Write out word for word each line of the records, beginning at the first and stopping after the line with "[thumbnail: Simulink's stored". Leave the pictures out.

#### Data extracts ####

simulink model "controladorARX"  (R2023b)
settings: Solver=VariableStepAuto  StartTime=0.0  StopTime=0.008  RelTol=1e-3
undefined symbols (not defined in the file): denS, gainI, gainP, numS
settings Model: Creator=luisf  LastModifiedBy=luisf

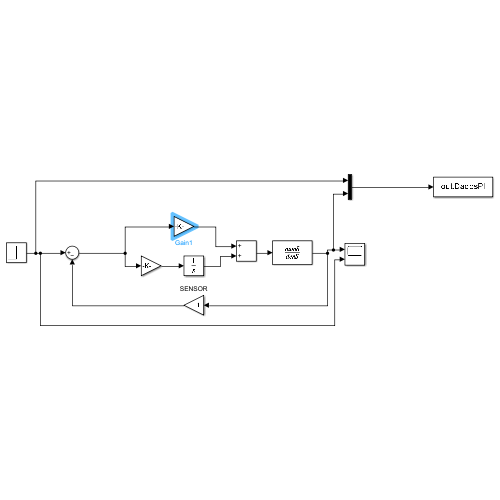
[thumbnail: Simulink's stored preview of the top-level diagram]
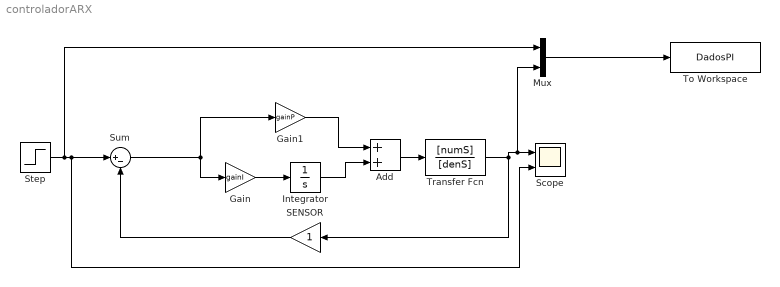
== system controladorARX ==
  Add : Sum
  Gain : Gain  Gain=gainI
  Gain1 : Gain  Gain=gainP
  Integrator : Integrator
  Mux : Mux  Inputs=2
  SENSOR : Gain
  Scope : Scope  NumInputPorts=2
  Step : Step  Time=0.001  SampleTime=0
  Sum : Sum  Inputs=|+-
  To Workspace : ToWorkspace  VariableName=DadosPI  SampleTime=-1
  Transfer Fcn : TransferFcn  Numerator=[numS]  Denominator=[denS]
  wires:
  Gain1/1 -> Add/1
  Mux/1 -> To Workspace/1
  SENSOR/1 -> Sum/2
  Transfer Fcn/1 -> SENSOR/1, Mux/2, Scope/1
  Add/1 -> Transfer Fcn/1
  Integrator/1 -> Add/2
  Sum/1 -> Gain1/1, Gain/1
  Gain/1 -> Integrator/1
  Step/1 -> Mux/1, Scope/2, Sum/1

####

• Expected output:
simulink model "controladorARX"  (R2023b)
settings: Solver=VariableStepAuto  StartTime=0.0  StopTime=0.008  RelTol=1e-3
undefined symbols (not defined in the file): denS, gainI, gainP, numS
settings Model: Creator=luisf  LastModifiedBy=luisf

[thumbnail: Simulink's stored preview of the top-level diagram]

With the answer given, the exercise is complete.